**TASK INSTRUCTIONS:** Starting at the line with "#351=ORIENTED_EDGE('',*,*,#326,.T.);", retype every line through the end of the listing exactly as written, and nothing before it.

Segment Start: RECORDS SHOWN

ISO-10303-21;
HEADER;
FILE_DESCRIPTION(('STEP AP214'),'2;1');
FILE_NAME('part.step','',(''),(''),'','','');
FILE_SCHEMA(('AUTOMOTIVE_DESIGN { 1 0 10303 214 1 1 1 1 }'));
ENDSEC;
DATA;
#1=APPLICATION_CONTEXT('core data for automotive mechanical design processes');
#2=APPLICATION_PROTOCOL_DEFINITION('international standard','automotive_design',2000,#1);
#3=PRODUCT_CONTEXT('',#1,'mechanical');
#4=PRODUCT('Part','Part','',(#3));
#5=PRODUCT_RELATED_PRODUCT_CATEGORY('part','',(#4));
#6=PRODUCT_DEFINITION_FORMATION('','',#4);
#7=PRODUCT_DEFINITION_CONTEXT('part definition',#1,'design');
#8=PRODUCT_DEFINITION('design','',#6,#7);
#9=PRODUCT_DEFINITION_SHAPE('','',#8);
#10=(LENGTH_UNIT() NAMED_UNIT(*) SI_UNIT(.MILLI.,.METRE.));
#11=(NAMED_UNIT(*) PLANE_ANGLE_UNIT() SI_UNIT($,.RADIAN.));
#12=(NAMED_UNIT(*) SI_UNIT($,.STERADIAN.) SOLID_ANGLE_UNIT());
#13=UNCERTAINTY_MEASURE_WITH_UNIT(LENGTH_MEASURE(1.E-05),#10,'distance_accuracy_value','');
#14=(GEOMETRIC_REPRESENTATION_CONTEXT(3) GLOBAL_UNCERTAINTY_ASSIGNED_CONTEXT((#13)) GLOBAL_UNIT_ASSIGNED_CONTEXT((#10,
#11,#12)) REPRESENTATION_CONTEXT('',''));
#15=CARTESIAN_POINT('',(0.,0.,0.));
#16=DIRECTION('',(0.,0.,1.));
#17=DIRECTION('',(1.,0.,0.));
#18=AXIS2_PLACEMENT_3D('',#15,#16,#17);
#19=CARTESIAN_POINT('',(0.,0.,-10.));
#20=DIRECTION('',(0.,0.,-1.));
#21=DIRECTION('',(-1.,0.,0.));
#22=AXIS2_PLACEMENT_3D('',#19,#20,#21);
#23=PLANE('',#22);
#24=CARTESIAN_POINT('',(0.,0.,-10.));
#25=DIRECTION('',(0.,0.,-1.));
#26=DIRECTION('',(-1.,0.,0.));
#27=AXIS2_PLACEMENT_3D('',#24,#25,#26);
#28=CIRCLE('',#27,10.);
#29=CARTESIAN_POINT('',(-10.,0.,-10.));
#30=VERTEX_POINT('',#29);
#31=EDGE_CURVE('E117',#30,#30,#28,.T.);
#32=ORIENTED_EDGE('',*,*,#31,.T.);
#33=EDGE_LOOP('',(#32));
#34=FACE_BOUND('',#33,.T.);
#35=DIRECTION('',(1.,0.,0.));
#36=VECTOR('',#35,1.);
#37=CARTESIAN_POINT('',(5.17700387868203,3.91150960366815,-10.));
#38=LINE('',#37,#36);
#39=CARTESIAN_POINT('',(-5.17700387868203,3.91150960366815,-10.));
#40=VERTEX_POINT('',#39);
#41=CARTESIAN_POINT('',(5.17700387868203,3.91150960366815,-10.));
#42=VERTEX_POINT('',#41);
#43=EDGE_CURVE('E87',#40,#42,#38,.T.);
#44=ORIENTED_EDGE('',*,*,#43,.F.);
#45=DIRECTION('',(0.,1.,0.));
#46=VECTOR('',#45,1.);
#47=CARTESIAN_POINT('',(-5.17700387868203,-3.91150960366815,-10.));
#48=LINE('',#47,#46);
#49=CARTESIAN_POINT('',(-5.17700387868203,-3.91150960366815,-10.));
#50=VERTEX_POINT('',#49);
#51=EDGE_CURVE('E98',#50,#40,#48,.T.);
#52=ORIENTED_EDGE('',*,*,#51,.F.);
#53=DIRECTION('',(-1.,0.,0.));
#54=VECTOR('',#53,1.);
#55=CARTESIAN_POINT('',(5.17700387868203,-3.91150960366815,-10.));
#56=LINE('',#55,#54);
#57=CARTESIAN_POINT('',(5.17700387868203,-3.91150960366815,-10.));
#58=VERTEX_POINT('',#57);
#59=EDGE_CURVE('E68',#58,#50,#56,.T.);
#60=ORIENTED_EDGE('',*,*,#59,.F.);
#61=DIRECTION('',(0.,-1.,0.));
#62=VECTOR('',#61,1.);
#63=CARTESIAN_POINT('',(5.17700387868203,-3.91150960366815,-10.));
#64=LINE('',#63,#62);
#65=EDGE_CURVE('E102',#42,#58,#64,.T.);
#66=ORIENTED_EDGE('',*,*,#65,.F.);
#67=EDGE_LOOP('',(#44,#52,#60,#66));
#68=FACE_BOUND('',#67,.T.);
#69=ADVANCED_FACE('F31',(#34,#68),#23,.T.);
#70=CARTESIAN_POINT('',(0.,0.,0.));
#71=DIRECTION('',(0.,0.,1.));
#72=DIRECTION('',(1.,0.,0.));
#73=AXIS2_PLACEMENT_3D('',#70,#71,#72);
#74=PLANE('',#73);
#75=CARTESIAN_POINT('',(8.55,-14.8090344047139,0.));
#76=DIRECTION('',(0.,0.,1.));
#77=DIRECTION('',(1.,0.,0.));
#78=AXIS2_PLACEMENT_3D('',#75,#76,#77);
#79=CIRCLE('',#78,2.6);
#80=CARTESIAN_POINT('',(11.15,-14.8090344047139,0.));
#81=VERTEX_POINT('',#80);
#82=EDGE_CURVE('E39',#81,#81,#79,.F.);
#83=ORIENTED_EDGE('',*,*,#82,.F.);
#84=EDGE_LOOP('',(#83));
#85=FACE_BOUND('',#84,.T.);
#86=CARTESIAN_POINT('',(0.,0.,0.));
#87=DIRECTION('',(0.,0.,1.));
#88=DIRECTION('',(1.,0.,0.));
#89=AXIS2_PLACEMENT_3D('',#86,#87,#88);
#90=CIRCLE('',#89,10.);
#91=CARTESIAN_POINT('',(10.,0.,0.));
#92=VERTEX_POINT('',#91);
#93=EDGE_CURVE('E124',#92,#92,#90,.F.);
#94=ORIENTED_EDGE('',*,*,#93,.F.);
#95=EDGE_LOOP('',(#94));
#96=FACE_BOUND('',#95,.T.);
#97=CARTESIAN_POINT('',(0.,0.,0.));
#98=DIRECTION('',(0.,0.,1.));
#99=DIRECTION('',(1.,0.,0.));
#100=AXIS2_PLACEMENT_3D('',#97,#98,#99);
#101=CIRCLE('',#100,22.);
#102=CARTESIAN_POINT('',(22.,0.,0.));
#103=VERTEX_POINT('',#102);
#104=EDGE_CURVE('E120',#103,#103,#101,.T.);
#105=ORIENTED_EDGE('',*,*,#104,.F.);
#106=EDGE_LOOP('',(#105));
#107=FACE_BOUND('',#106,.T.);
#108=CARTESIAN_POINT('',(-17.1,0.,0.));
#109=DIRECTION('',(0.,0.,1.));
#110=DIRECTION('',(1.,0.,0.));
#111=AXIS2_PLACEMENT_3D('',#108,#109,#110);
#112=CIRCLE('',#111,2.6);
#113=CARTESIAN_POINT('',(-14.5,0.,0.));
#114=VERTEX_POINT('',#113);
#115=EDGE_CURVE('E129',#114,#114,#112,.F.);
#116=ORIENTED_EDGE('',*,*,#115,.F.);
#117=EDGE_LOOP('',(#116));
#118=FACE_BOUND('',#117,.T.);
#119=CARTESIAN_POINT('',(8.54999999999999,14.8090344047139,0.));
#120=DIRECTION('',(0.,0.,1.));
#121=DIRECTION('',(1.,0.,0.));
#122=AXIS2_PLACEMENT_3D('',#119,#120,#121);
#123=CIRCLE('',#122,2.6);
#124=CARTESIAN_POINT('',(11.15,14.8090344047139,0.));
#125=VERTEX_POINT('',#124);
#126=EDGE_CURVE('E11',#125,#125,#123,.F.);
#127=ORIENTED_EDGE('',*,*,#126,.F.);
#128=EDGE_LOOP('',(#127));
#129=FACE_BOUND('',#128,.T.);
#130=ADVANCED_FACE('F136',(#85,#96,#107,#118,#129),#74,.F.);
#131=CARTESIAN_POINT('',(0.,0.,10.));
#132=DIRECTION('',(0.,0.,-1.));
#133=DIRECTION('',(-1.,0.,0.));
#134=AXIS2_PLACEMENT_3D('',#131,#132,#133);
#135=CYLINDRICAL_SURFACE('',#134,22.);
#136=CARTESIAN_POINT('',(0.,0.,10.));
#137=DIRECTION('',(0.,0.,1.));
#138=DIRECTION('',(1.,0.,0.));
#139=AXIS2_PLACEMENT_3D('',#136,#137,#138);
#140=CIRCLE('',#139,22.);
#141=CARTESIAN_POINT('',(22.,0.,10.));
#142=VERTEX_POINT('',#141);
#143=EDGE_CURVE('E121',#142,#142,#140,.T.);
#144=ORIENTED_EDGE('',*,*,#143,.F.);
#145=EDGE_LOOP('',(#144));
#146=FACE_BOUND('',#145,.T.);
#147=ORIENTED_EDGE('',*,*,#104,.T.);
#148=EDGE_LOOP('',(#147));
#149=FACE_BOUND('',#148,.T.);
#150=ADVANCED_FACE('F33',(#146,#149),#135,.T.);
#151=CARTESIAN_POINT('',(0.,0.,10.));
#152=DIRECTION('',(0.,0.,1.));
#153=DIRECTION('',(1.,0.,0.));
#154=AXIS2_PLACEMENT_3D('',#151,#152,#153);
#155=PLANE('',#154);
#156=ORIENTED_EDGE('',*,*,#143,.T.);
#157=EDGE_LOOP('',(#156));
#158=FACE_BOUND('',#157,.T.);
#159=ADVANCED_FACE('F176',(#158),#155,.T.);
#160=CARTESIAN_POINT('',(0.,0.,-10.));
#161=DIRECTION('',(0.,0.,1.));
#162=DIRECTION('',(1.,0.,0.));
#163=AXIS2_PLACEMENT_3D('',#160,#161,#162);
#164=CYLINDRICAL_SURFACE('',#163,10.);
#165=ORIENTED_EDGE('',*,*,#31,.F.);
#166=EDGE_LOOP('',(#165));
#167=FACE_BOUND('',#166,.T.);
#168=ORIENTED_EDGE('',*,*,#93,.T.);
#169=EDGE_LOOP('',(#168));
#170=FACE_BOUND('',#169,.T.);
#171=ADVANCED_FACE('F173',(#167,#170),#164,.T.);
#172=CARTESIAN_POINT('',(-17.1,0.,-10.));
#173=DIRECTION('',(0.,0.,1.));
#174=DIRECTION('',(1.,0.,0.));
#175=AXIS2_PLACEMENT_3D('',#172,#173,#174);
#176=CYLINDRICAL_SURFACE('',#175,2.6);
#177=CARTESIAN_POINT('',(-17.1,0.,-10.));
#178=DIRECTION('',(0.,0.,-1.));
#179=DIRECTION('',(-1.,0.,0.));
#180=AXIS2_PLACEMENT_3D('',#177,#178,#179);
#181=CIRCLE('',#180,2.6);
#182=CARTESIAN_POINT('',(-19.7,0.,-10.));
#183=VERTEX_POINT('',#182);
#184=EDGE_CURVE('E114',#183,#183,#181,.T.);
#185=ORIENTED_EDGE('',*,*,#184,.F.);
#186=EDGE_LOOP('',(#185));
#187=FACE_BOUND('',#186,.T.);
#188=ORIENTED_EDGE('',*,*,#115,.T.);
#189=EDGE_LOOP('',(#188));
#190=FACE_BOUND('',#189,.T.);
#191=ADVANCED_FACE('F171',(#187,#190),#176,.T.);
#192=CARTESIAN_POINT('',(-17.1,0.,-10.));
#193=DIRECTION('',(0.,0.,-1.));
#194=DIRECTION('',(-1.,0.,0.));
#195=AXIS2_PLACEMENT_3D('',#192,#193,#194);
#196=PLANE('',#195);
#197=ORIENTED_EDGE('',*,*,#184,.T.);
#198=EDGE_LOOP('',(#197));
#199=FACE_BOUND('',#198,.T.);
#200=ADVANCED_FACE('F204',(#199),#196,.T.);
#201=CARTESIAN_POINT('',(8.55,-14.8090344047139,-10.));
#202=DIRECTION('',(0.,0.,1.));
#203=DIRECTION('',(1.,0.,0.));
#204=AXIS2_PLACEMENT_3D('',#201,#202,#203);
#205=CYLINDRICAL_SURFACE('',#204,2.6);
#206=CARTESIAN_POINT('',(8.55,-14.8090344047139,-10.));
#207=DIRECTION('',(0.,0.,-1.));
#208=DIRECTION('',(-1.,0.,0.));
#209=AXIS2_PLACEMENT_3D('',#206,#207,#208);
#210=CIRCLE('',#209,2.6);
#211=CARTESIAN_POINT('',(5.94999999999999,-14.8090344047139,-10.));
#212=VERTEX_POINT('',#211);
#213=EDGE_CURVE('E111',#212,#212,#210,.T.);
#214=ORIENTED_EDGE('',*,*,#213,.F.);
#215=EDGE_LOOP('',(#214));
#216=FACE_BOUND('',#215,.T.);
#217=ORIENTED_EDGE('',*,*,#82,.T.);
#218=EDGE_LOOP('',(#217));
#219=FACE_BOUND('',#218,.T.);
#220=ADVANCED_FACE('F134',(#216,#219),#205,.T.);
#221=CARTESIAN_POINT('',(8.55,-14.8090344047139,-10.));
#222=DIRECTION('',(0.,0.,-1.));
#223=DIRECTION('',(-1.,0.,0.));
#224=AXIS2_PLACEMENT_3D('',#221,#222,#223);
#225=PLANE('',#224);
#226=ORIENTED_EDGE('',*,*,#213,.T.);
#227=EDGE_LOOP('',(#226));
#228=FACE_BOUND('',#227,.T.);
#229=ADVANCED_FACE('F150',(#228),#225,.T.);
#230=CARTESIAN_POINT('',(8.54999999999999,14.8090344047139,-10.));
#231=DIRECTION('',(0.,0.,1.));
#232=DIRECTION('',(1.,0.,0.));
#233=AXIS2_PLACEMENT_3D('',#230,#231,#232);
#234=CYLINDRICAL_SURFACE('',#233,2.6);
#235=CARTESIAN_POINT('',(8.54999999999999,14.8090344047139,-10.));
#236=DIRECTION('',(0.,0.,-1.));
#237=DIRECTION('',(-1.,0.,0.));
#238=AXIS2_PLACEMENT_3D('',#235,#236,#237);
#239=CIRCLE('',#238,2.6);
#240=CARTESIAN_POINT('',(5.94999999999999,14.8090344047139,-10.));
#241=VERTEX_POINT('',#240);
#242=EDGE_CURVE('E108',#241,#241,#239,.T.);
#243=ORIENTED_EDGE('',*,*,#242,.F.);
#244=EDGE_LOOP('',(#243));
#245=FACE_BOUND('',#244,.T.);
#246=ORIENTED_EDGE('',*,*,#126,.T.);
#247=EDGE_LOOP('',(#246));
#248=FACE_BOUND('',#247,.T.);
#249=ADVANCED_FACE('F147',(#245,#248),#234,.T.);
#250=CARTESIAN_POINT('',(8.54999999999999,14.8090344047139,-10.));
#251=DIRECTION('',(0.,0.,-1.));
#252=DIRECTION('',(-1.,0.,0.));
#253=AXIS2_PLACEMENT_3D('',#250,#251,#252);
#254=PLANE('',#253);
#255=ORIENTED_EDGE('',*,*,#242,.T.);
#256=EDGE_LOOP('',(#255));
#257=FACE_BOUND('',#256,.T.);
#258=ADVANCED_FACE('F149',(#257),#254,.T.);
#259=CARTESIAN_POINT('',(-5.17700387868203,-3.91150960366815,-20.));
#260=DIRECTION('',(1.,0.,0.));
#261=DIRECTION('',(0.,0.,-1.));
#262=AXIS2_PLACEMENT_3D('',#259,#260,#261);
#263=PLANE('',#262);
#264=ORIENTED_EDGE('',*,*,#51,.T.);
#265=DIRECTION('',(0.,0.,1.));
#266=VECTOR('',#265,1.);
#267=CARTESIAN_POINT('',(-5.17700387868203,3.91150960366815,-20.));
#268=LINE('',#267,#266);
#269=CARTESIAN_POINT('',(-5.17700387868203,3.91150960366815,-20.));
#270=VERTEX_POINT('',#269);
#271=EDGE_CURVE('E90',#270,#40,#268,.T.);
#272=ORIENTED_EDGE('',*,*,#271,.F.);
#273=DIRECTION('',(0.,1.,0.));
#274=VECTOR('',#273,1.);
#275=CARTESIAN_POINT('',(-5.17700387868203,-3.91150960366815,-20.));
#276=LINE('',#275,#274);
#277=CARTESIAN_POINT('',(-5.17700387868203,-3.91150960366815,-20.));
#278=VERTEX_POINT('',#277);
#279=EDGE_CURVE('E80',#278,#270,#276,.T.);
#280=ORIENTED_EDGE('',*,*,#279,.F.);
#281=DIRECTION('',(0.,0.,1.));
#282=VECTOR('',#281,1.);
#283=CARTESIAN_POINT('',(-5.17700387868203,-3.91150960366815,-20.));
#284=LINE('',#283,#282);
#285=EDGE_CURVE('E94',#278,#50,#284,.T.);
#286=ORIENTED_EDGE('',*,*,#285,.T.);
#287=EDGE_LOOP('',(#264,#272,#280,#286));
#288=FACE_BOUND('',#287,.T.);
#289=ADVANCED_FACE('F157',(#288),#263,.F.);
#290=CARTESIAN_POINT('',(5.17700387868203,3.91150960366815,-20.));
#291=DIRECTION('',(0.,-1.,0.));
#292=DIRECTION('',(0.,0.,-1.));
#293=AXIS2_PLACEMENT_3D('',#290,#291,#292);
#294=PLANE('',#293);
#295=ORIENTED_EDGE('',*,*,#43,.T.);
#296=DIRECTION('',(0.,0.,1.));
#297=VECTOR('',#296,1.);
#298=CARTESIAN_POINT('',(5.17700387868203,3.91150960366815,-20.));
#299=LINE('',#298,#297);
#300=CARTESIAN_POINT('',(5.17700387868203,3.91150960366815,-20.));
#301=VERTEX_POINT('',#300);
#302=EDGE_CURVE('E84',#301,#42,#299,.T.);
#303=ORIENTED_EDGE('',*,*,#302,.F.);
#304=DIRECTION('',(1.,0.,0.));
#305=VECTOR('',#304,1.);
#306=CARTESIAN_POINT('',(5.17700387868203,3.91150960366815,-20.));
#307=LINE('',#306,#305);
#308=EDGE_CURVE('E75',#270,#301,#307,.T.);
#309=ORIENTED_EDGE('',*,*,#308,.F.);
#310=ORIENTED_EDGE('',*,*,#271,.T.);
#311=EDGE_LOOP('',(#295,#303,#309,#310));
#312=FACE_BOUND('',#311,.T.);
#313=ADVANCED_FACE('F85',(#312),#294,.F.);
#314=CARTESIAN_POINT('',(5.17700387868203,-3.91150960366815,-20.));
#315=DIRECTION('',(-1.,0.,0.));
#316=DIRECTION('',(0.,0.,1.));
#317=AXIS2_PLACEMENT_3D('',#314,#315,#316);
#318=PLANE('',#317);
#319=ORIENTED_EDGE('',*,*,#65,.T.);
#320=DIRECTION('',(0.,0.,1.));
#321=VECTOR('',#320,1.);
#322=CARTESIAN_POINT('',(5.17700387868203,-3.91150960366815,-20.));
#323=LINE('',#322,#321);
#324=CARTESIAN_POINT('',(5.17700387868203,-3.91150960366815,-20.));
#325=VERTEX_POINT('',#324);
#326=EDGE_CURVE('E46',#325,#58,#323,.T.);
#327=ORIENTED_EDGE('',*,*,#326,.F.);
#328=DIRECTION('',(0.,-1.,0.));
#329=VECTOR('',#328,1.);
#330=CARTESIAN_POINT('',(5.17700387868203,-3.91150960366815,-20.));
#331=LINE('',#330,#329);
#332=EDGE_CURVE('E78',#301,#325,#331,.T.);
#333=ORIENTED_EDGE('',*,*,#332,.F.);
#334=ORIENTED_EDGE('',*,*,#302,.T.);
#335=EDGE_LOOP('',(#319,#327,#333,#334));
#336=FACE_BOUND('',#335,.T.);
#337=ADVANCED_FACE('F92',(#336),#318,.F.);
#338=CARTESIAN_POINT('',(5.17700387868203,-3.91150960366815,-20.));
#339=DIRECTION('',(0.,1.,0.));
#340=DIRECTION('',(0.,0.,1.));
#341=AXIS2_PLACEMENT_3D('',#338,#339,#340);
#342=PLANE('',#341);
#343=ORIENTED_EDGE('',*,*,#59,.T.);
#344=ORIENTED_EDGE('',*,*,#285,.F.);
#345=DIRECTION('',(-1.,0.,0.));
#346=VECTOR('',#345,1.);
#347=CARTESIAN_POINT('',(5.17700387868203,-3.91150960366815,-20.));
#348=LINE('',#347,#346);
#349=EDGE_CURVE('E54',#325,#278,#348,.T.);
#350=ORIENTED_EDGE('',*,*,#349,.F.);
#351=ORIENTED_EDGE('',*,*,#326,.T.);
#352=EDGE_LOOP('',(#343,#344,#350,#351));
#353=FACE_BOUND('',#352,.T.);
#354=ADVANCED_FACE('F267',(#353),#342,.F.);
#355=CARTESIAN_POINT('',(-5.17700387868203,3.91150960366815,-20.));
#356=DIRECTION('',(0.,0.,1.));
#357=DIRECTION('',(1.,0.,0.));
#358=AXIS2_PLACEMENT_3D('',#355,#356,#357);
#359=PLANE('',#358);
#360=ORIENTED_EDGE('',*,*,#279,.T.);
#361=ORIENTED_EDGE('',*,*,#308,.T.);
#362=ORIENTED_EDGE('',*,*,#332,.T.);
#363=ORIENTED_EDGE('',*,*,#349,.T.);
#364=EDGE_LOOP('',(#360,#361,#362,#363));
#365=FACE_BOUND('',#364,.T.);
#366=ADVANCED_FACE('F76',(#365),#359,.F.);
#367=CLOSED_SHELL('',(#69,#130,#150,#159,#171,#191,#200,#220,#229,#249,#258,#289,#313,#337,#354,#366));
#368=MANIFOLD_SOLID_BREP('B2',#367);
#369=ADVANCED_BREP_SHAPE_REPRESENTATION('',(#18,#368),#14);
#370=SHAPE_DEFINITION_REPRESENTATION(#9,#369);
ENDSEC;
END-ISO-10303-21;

Segment End: RECORDS SHOWN

**ANSWER SECTION:**
#351=ORIENTED_EDGE('',*,*,#326,.T.);
#352=EDGE_LOOP('',(#343,#344,#350,#351));
#353=FACE_BOUND('',#352,.T.);
#354=ADVANCED_FACE('F267',(#353),#342,.F.);
#355=CARTESIAN_POINT('',(-5.17700387868203,3.91150960366815,-20.));
#356=DIRECTION('',(0.,0.,1.));
#357=DIRECTION('',(1.,0.,0.));
#358=AXIS2_PLACEMENT_3D('',#355,#356,#357);
#359=PLANE('',#358);
#360=ORIENTED_EDGE('',*,*,#279,.T.);
#361=ORIENTED_EDGE('',*,*,#308,.T.);
#362=ORIENTED_EDGE('',*,*,#332,.T.);
#363=ORIENTED_EDGE('',*,*,#349,.T.);
#364=EDGE_LOOP('',(#360,#361,#362,#363));
#365=FACE_BOUND('',#364,.T.);
#366=ADVANCED_FACE('F76',(#365),#359,.F.);
#367=CLOSED_SHELL('',(#69,#130,#150,#159,#171,#191,#200,#220,#229,#249,#258,#289,#313,#337,#354,#366));
#368=MANIFOLD_SOLID_BREP('B2',#367);
#369=ADVANCED_BREP_SHAPE_REPRESENTATION('',(#18,#368),#14);
#370=SHAPE_DEFINITION_REPRESENTATION(#9,#369);
ENDSEC;
END-ISO-10303-21;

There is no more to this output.